*** DATA SECTION ***

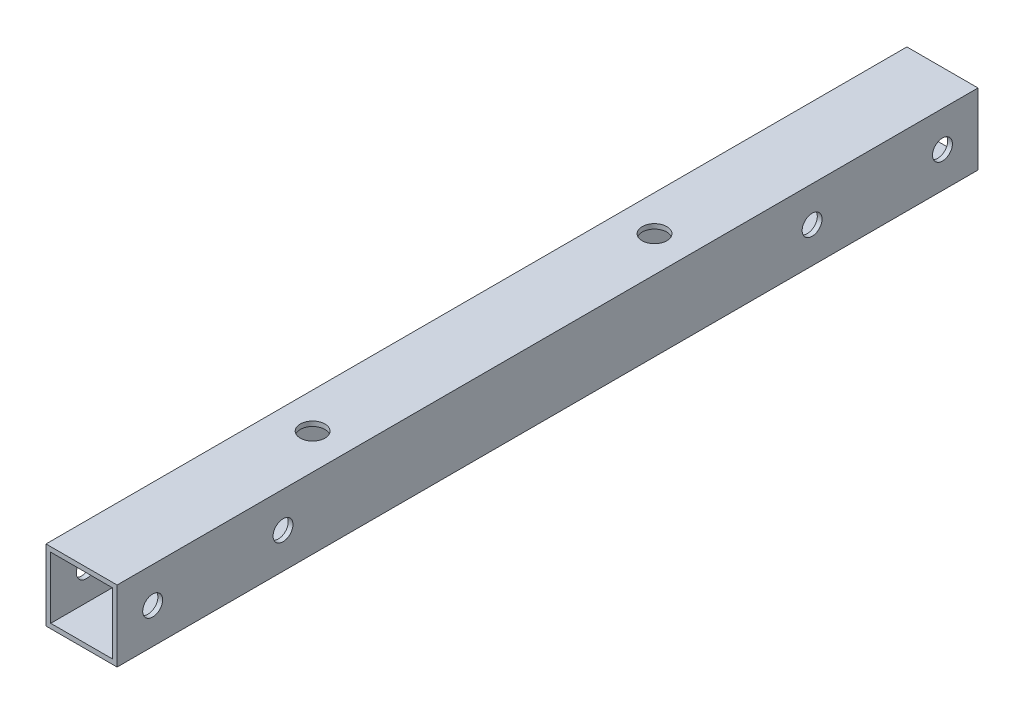
ISO-10303-21;
HEADER;
FILE_DESCRIPTION(('STEP AP214'),'2;1');
FILE_NAME('part.step','',(''),(''),'','','');
FILE_SCHEMA(('AUTOMOTIVE_DESIGN { 1 0 10303 214 1 1 1 1 }'));
ENDSEC;
DATA;
#1=APPLICATION_CONTEXT('core data for automotive mechanical design processes');
#2=APPLICATION_PROTOCOL_DEFINITION('international standard','automotive_design',2000,#1);
#3=PRODUCT_CONTEXT('',#1,'mechanical');
#4=PRODUCT('Part','Part','',(#3));
#5=PRODUCT_RELATED_PRODUCT_CATEGORY('part','',(#4));
#6=PRODUCT_DEFINITION_FORMATION('','',#4);
#7=PRODUCT_DEFINITION_CONTEXT('part definition',#1,'design');
#8=PRODUCT_DEFINITION('design','',#6,#7);
#9=PRODUCT_DEFINITION_SHAPE('','',#8);
#10=(LENGTH_UNIT() NAMED_UNIT(*) SI_UNIT(.MILLI.,.METRE.));
#11=(NAMED_UNIT(*) PLANE_ANGLE_UNIT() SI_UNIT($,.RADIAN.));
#12=(NAMED_UNIT(*) SI_UNIT($,.STERADIAN.) SOLID_ANGLE_UNIT());
#13=UNCERTAINTY_MEASURE_WITH_UNIT(LENGTH_MEASURE(1.E-05),#10,'distance_accuracy_value','');
#14=(GEOMETRIC_REPRESENTATION_CONTEXT(3) GLOBAL_UNCERTAINTY_ASSIGNED_CONTEXT((#13)) GLOBAL_UNIT_ASSIGNED_CONTEXT((#10,
#11,#12)) REPRESENTATION_CONTEXT('',''));
#15=CARTESIAN_POINT('',(0.,0.,0.));
#16=DIRECTION('',(0.,0.,1.));
#17=DIRECTION('',(1.,0.,0.));
#18=AXIS2_PLACEMENT_3D('',#15,#16,#17);
#19=CARTESIAN_POINT('',(0.,0.,181.6));
#20=DIRECTION('',(0.,0.,1.));
#21=DIRECTION('',(1.,0.,0.));
#22=AXIS2_PLACEMENT_3D('',#19,#20,#21);
#23=PLANE('',#22);
#24=DIRECTION('',(0.,-1.,0.));
#25=VECTOR('',#24,1.);
#26=CARTESIAN_POINT('',(-7.5,7.5,181.6));
#27=LINE('',#26,#25);
#28=CARTESIAN_POINT('',(-7.5,7.5,181.6));
#29=VERTEX_POINT('',#28);
#30=CARTESIAN_POINT('',(-7.5,-7.5,181.6));
#31=VERTEX_POINT('',#30);
#32=EDGE_CURVE('E162',#29,#31,#27,.T.);
#33=ORIENTED_EDGE('',*,*,#32,.T.);
#34=DIRECTION('',(1.,0.,0.));
#35=VECTOR('',#34,1.);
#36=CARTESIAN_POINT('',(7.5,-7.5,181.6));
#37=LINE('',#36,#35);
#38=CARTESIAN_POINT('',(7.5,-7.5,181.6));
#39=VERTEX_POINT('',#38);
#40=EDGE_CURVE('E165',#31,#39,#37,.T.);
#41=ORIENTED_EDGE('',*,*,#40,.T.);
#42=DIRECTION('',(0.,1.,0.));
#43=VECTOR('',#42,1.);
#44=CARTESIAN_POINT('',(7.5,7.5,181.6));
#45=LINE('',#44,#43);
#46=CARTESIAN_POINT('',(7.5,7.5,181.6));
#47=VERTEX_POINT('',#46);
#48=EDGE_CURVE('E168',#39,#47,#45,.T.);
#49=ORIENTED_EDGE('',*,*,#48,.T.);
#50=DIRECTION('',(-1.,0.,0.));
#51=VECTOR('',#50,1.);
#52=CARTESIAN_POINT('',(7.5,7.5,181.6));
#53=LINE('',#52,#51);
#54=EDGE_CURVE('E170',#47,#29,#53,.T.);
#55=ORIENTED_EDGE('',*,*,#54,.T.);
#56=EDGE_LOOP('',(#33,#41,#49,#55));
#57=FACE_BOUND('',#56,.T.);
#58=DIRECTION('',(1.,0.,0.));
#59=VECTOR('',#58,1.);
#60=CARTESIAN_POINT('',(0.,-6.5,181.6));
#61=LINE('',#60,#59);
#62=CARTESIAN_POINT('',(-6.5,-6.5,181.6));
#63=VERTEX_POINT('',#62);
#64=CARTESIAN_POINT('',(6.5,-6.5,181.6));
#65=VERTEX_POINT('',#64);
#66=EDGE_CURVE('E132',#63,#65,#61,.T.);
#67=ORIENTED_EDGE('',*,*,#66,.F.);
#68=DIRECTION('',(0.,-1.,0.));
#69=VECTOR('',#68,1.);
#70=CARTESIAN_POINT('',(-6.5,0.,181.6));
#71=LINE('',#70,#69);
#72=CARTESIAN_POINT('',(-6.5,6.5,181.6));
#73=VERTEX_POINT('',#72);
#74=EDGE_CURVE('E124',#73,#63,#71,.T.);
#75=ORIENTED_EDGE('',*,*,#74,.F.);
#76=DIRECTION('',(-1.,0.,0.));
#77=VECTOR('',#76,1.);
#78=CARTESIAN_POINT('',(0.,6.5,181.6));
#79=LINE('',#78,#77);
#80=CARTESIAN_POINT('',(6.5,6.5,181.6));
#81=VERTEX_POINT('',#80);
#82=EDGE_CURVE('E146',#81,#73,#79,.T.);
#83=ORIENTED_EDGE('',*,*,#82,.F.);
#84=DIRECTION('',(0.,1.,0.));
#85=VECTOR('',#84,1.);
#86=CARTESIAN_POINT('',(6.5,0.,181.6));
#87=LINE('',#86,#85);
#88=EDGE_CURVE('E144',#65,#81,#87,.T.);
#89=ORIENTED_EDGE('',*,*,#88,.F.);
#90=EDGE_LOOP('',(#67,#75,#83,#89));
#91=FACE_BOUND('',#90,.T.);
#92=ADVANCED_FACE('F57',(#57,#91),#23,.T.);
#93=CARTESIAN_POINT('',(0.,0.,0.));
#94=DIRECTION('',(0.,0.,1.));
#95=DIRECTION('',(1.,0.,0.));
#96=AXIS2_PLACEMENT_3D('',#93,#94,#95);
#97=PLANE('',#96);
#98=DIRECTION('',(0.,-1.,0.));
#99=VECTOR('',#98,1.);
#100=CARTESIAN_POINT('',(-7.5,7.5,0.));
#101=LINE('',#100,#99);
#102=CARTESIAN_POINT('',(-7.5,7.5,0.));
#103=VERTEX_POINT('',#102);
#104=CARTESIAN_POINT('',(-7.5,-7.5,0.));
#105=VERTEX_POINT('',#104);
#106=EDGE_CURVE('E140',#103,#105,#101,.T.);
#107=ORIENTED_EDGE('',*,*,#106,.F.);
#108=DIRECTION('',(-1.,0.,0.));
#109=VECTOR('',#108,1.);
#110=CARTESIAN_POINT('',(7.5,7.5,0.));
#111=LINE('',#110,#109);
#112=CARTESIAN_POINT('',(7.5,7.5,0.));
#113=VERTEX_POINT('',#112);
#114=EDGE_CURVE('E166',#113,#103,#111,.T.);
#115=ORIENTED_EDGE('',*,*,#114,.F.);
#116=DIRECTION('',(0.,1.,0.));
#117=VECTOR('',#116,1.);
#118=CARTESIAN_POINT('',(7.5,7.5,0.));
#119=LINE('',#118,#117);
#120=CARTESIAN_POINT('',(7.5,-7.5,0.));
#121=VERTEX_POINT('',#120);
#122=EDGE_CURVE('E177',#121,#113,#119,.T.);
#123=ORIENTED_EDGE('',*,*,#122,.F.);
#124=DIRECTION('',(1.,0.,0.));
#125=VECTOR('',#124,1.);
#126=CARTESIAN_POINT('',(7.5,-7.5,0.));
#127=LINE('',#126,#125);
#128=EDGE_CURVE('E175',#105,#121,#127,.T.);
#129=ORIENTED_EDGE('',*,*,#128,.F.);
#130=EDGE_LOOP('',(#107,#115,#123,#129));
#131=FACE_BOUND('',#130,.T.);
#132=DIRECTION('',(0.,-1.,0.));
#133=VECTOR('',#132,1.);
#134=CARTESIAN_POINT('',(-6.5,0.,0.));
#135=LINE('',#134,#133);
#136=CARTESIAN_POINT('',(-6.5,6.5,0.));
#137=VERTEX_POINT('',#136);
#138=CARTESIAN_POINT('',(-6.5,-6.5,0.));
#139=VERTEX_POINT('',#138);
#140=EDGE_CURVE('E82',#137,#139,#135,.T.);
#141=ORIENTED_EDGE('',*,*,#140,.T.);
#142=DIRECTION('',(1.,0.,0.));
#143=VECTOR('',#142,1.);
#144=CARTESIAN_POINT('',(0.,-6.5,0.));
#145=LINE('',#144,#143);
#146=CARTESIAN_POINT('',(6.5,-6.5,0.));
#147=VERTEX_POINT('',#146);
#148=EDGE_CURVE('E139',#139,#147,#145,.T.);
#149=ORIENTED_EDGE('',*,*,#148,.T.);
#150=DIRECTION('',(0.,1.,0.));
#151=VECTOR('',#150,1.);
#152=CARTESIAN_POINT('',(6.5,0.,0.));
#153=LINE('',#152,#151);
#154=CARTESIAN_POINT('',(6.5,6.5,0.));
#155=VERTEX_POINT('',#154);
#156=EDGE_CURVE('E154',#147,#155,#153,.T.);
#157=ORIENTED_EDGE('',*,*,#156,.T.);
#158=DIRECTION('',(-1.,0.,0.));
#159=VECTOR('',#158,1.);
#160=CARTESIAN_POINT('',(0.,6.5,0.));
#161=LINE('',#160,#159);
#162=EDGE_CURVE('E133',#155,#137,#161,.T.);
#163=ORIENTED_EDGE('',*,*,#162,.T.);
#164=EDGE_LOOP('',(#141,#149,#157,#163));
#165=FACE_BOUND('',#164,.T.);
#166=ADVANCED_FACE('F266',(#131,#165),#97,.F.);
#167=CARTESIAN_POINT('',(-7.5,7.5,181.6));
#168=DIRECTION('',(1.,0.,0.));
#169=DIRECTION('',(0.,1.,0.));
#170=AXIS2_PLACEMENT_3D('',#167,#168,#169);
#171=PLANE('',#170);
#172=CARTESIAN_POINT('',(-7.5,0.,174.1));
#173=DIRECTION('',(-1.,0.,0.));
#174=DIRECTION('',(0.,-1.,0.));
#175=AXIS2_PLACEMENT_3D('',#172,#173,#174);
#176=CIRCLE('',#175,2.09999999999999);
#177=CARTESIAN_POINT('',(-7.5,-2.09999999999999,174.1));
#178=VERTEX_POINT('',#177);
#179=EDGE_CURVE('E317',#178,#178,#176,.T.);
#180=ORIENTED_EDGE('',*,*,#179,.F.);
#181=EDGE_LOOP('',(#180));
#182=FACE_BOUND('',#181,.T.);
#183=CARTESIAN_POINT('',(-7.5,0.,146.6));
#184=DIRECTION('',(-1.,0.,0.));
#185=DIRECTION('',(0.,-1.,0.));
#186=AXIS2_PLACEMENT_3D('',#183,#184,#185);
#187=CIRCLE('',#186,2.09999999999999);
#188=CARTESIAN_POINT('',(-7.5,-2.09999999999999,146.6));
#189=VERTEX_POINT('',#188);
#190=EDGE_CURVE('E313',#189,#189,#187,.T.);
#191=ORIENTED_EDGE('',*,*,#190,.F.);
#192=EDGE_LOOP('',(#191));
#193=FACE_BOUND('',#192,.T.);
#194=CARTESIAN_POINT('',(-7.5,0.,35.));
#195=DIRECTION('',(-1.,0.,0.));
#196=DIRECTION('',(0.,1.,0.));
#197=AXIS2_PLACEMENT_3D('',#194,#195,#196);
#198=CIRCLE('',#197,2.09999999999999);
#199=CARTESIAN_POINT('',(-7.5,2.09999999999999,35.));
#200=VERTEX_POINT('',#199);
#201=EDGE_CURVE('E305',#200,#200,#198,.T.);
#202=ORIENTED_EDGE('',*,*,#201,.F.);
#203=EDGE_LOOP('',(#202));
#204=FACE_BOUND('',#203,.T.);
#205=CARTESIAN_POINT('',(-7.5,0.,7.50000000000001));
#206=DIRECTION('',(-1.,0.,0.));
#207=DIRECTION('',(0.,1.,0.));
#208=AXIS2_PLACEMENT_3D('',#205,#206,#207);
#209=CIRCLE('',#208,2.09999999999999);
#210=CARTESIAN_POINT('',(-7.5,2.09999999999999,7.50000000000001));
#211=VERTEX_POINT('',#210);
#212=EDGE_CURVE('E306',#211,#211,#209,.T.);
#213=ORIENTED_EDGE('',*,*,#212,.F.);
#214=EDGE_LOOP('',(#213));
#215=FACE_BOUND('',#214,.T.);
#216=ORIENTED_EDGE('',*,*,#106,.T.);
#217=DIRECTION('',(0.,0.,-1.));
#218=VECTOR('',#217,1.);
#219=CARTESIAN_POINT('',(-7.5,-7.5,181.6));
#220=LINE('',#219,#218);
#221=EDGE_CURVE('E12',#31,#105,#220,.T.);
#222=ORIENTED_EDGE('',*,*,#221,.F.);
#223=ORIENTED_EDGE('',*,*,#32,.F.);
#224=DIRECTION('',(0.,0.,-1.));
#225=VECTOR('',#224,1.);
#226=CARTESIAN_POINT('',(-7.5,7.5,181.6));
#227=LINE('',#226,#225);
#228=EDGE_CURVE('E172',#29,#103,#227,.T.);
#229=ORIENTED_EDGE('',*,*,#228,.T.);
#230=EDGE_LOOP('',(#216,#222,#223,#229));
#231=FACE_BOUND('',#230,.T.);
#232=ADVANCED_FACE('F59',(#182,#193,#204,#215,#231),#171,.F.);
#233=CARTESIAN_POINT('',(7.5,-7.5,181.6));
#234=DIRECTION('',(0.,1.,0.));
#235=DIRECTION('',(-1.,0.,0.));
#236=AXIS2_PLACEMENT_3D('',#233,#234,#235);
#237=PLANE('',#236);
#238=CARTESIAN_POINT('',(0.,-7.5,132.86));
#239=DIRECTION('',(0.,1.,0.));
#240=DIRECTION('',(-1.,0.,0.));
#241=AXIS2_PLACEMENT_3D('',#238,#239,#240);
#242=CIRCLE('',#241,2.59999999999999);
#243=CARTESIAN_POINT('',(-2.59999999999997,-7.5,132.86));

***

TASK TO COMPLETE » An exact copy of the lines above between the line holding "#200=VERTEX_POINT('',#199);" and the line holding "#211=VERTEX_POINT('',#210);", inclusive, is the whole answer.

SOLUTION TO THIS EXERCISE »
#200=VERTEX_POINT('',#199);
#201=EDGE_CURVE('E305',#200,#200,#198,.T.);
#202=ORIENTED_EDGE('',*,*,#201,.F.);
#203=EDGE_LOOP('',(#202));
#204=FACE_BOUND('',#203,.T.);
#205=CARTESIAN_POINT('',(-7.5,0.,7.50000000000001));
#206=DIRECTION('',(-1.,0.,0.));
#207=DIRECTION('',(0.,1.,0.));
#208=AXIS2_PLACEMENT_3D('',#205,#206,#207);
#209=CIRCLE('',#208,2.09999999999999);
#210=CARTESIAN_POINT('',(-7.5,2.09999999999999,7.50000000000001));
#211=VERTEX_POINT('',#210);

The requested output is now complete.